▶ Exercise prompt: Copy every line from the records that holds the word "hand".

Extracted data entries
····················

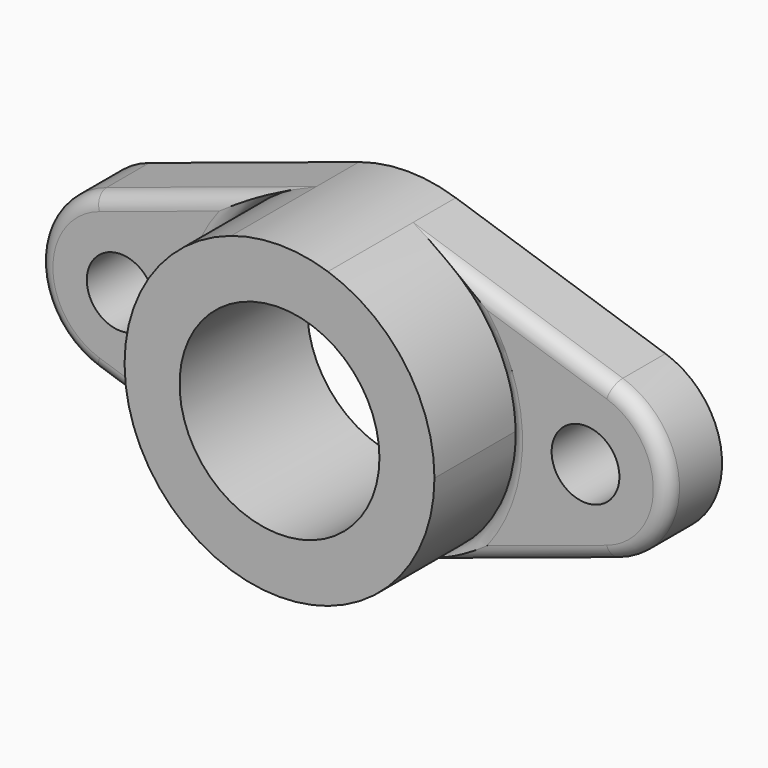
from build123d import *

# Parameters (mm, degrees)
F0_R          = 7
F1_DEPTH      = 14
F0_R_2        = 20.64
F2_DEPTH      = 33
F3_T1_DEPTH   = 68.0960524607
F3_T3_DEPTH   = 68.0960524607
F3_T6_ANGLE   = 224.2346877327
F3_T8_ANGLE   = 143.5800862714
F3_2_T1_DEPTH = 68.0960524607
F3_2_T3_DEPTH = 68.0960524607
F3_2_T6_ANGLE = 224.2346877327
F3_2_T8_ANGLE = 143.5800862714


# Not quite as in the source:
# - a fillet or chamfer that OpenCascade refuses, or shapes differently, is made with other operations: its cross-section is extruded or revolved along the edge and cut away or added


with BuildPart() as f1:
    # F0 (on Front) → F1 (new body)
    with BuildSketch(Plane.XZ):
        with BuildLine():
            ThreePointArc((-10, -30.3973683071), (-32, 0), (-10, 30.3973683071))
            Line((-10, 30.3973683071), (-53.3125, 16.1486019132))
            ThreePointArc((-53.3125, 16.1486019132), (-65, 0), (-53.3125, -16.1486019132))
            Line((-53.3125, -16.1486019132), (-10, -30.3973683071))
        make_face()
        with Locations((-48, 0)):
            Circle(F0_R, mode=Mode.SUBTRACT)
    extrude(amount=F1_DEPTH)

    # F3: fillet of radius 3 on 4 edges, made by hand

    # F3_s2 → F3_t1 (cut)
    with BuildSketch(Plane(origin=(21.373149591, 0, 7.03125), x_dir=(0, 1, 0), z_dir=(-0.9499177596, 0, -0.3125))):
        with BuildLine():
            ThreePointArc((-11, -32), (-13.1213203436, -31.1213203436), (-14, -29))
            Line((-14, -29), (-14, -32))
            Line((-14, -32), (-11, -32))
        make_face()
    extrude(amount=F3_T1_DEPTH, mode=Mode.SUBTRACT)

    # F3_s4 → F3_t3 (cut)
    with BuildSketch(Plane(origin=(-43.3125, 0, 14.248766394), x_dir=(0, 1, 0), z_dir=(0.9499177596, 0, -0.3125))):
        with BuildLine():
            ThreePointArc((-11, -32), (-13.1213203436, -31.1213203436), (-14, -29))
            Line((-14, -29), (-14, -32))
            Line((-14, -32), (-11, -32))
        make_face()
    extrude(amount=F3_T3_DEPTH, mode=Mode.SUBTRACT)

    # F3_s5 → F3_t6 (revolve, cut)
    with BuildSketch(Plane(origin=(0, 0, 0), x_dir=(0, 1, 0), z_dir=(0.9264147025, 0, 0.3765047131))):
        with BuildLine():
            ThreePointArc((-11, -32), (-13.1213203436, -32.8786796564), (-14, -35))
            Line((-14, -35), (-14, -32))
            Line((-14, -32), (-11, -32))
        make_face()
    revolve(axis=Axis((0, -14, 0), (0, 1, 0)), revolution_arc=F3_T6_ANGLE, mode=Mode.SUBTRACT)

    # F3_s7 → F3_t8 (revolve, cut)
    with BuildSketch(Plane(origin=(-43.3125, 0, -14.248766394), x_dir=(0, 1, 0), z_dir=(0.9499177596, 0, 0.3125))):
        with BuildLine():
            ThreePointArc((-11, 32), (-13.1213203436, 31.1213203436), (-14, 29))
            Line((-14, 29), (-14, 32))
            Line((-14, 32), (-11, 32))
        make_face()
    revolve(axis=Axis((-48, -14, 0), (0, -1, 0)), revolution_arc=F3_T8_ANGLE, mode=Mode.SUBTRACT)


with BuildPart() as f1b:
    # F0 (on Front) → F1, piece 2 (new body)
    with BuildSketch(Plane.XZ):
        with BuildLine():
            ThreePointArc((10, 30.3973683071), (25.9229627936, 18.7616630393), (32, 0))
            ThreePointArc((32, 0), (25.9229627936, -18.7616630393), (10, -30.3973683071))
            Line((10, -30.3973683071), (53.3125, -16.1486019132))
            ThreePointArc((53.3125, -16.1486019132), (65, 0), (53.3125, 16.1486019132))
            Line((53.3125, 16.1486019132), (10, 30.3973683071))
        make_face()
        with Locations((48, 0)):
            Circle(F0_R, mode=Mode.SUBTRACT)
    extrude(amount=F1_DEPTH)

    # F3#2: fillet of radius 3 on 4 edges, made by hand

    # F3_2_s2 → F3_2_t1 (cut)
    with BuildSketch(Plane(origin=(43.3125, 0, -14.248766394), x_dir=(0, 1, 0), z_dir=(-0.9499177596, 0, 0.3125))):
        with BuildLine():
            ThreePointArc((-14, -29), (-13.1213203436, -31.1213203436), (-11, -32))
            Line((-11, -32), (-14, -32))
            Line((-14, -32), (-14, -29))
        make_face()
    extrude(amount=F3_2_T1_DEPTH, mode=Mode.SUBTRACT)

    # F3_2_s4 → F3_2_t3 (cut)
    with BuildSketch(Plane(origin=(-21.373149591, 0, -7.03125), x_dir=(0, 1, 0), z_dir=(0.9499177596, 0, 0.3125))):
        with BuildLine():
            ThreePointArc((-14, -29), (-13.1213203436, -31.1213203436), (-11, -32))
            Line((-11, -32), (-14, -32))
            Line((-14, -32), (-14, -29))
        make_face()
    extrude(amount=F3_2_T3_DEPTH, mode=Mode.SUBTRACT)

    # F3_2_s5 → F3_2_t6 (revolve, cut)
    with BuildSketch(Plane(origin=(0, 0, 0), x_dir=(0, 1, 0), z_dir=(-0.9264147025, 0, 0.3765047131))):
        with BuildLine():
            ThreePointArc((-14, 35), (-13.1213203436, 32.8786796564), (-11, 32))
            Line((-11, 32), (-14, 32))
            Line((-14, 32), (-14, 35))
        make_face()
    revolve(axis=Axis((0, -14, 0), (0, -1, 0)), revolution_arc=F3_2_T6_ANGLE, mode=Mode.SUBTRACT)

    # F3_2_s7 → F3_2_t8 (revolve, cut)
    with BuildSketch(Plane(origin=(43.3125, 0, 14.248766394), x_dir=(0, 1, 0), z_dir=(-0.9499177596, 0, -0.3125))):
        with BuildLine():
            ThreePointArc((-11, 32), (-13.1213203436, 31.1213203436), (-14, 29))
            Line((-14, 29), (-14, 32))
            Line((-14, 32), (-11, 32))
        make_face()
    revolve(axis=Axis((48, -14, 0), (0, -1, 0)), revolution_arc=F3_2_T8_ANGLE, mode=Mode.SUBTRACT)


with BuildPart() as f2:
    # F0 (on Front) → F2 (new body)
    with BuildSketch(Plane.XZ):
        with BuildLine():
            ThreePointArc((10, -30.3973683071), (25.9229627936, -18.7616630393), (32, 0))
            ThreePointArc((32, 0), (25.9229627936, 18.7616630393), (10, 30.3973683071))
            ThreePointArc((10, 30.3973683071), (0, 32), (-10, 30.3973683071))
            ThreePointArc((-10, 30.3973683071), (-32, 0), (-10, -30.3973683071))
            ThreePointArc((-10, -30.3973683071), (0, -32), (10, -30.3973683071))
        make_face()
        Circle(F0_R_2, mode=Mode.SUBTRACT)
    extrude(amount=F2_DEPTH)


solid = Compound([f1.part, f1b.part, f2.part])

····················

▶ Solution to the exercise:
    # F3: fillet of radius 3 on 4 edges, made by hand
    # F3#2: fillet of radius 3 on 4 edges, made by hand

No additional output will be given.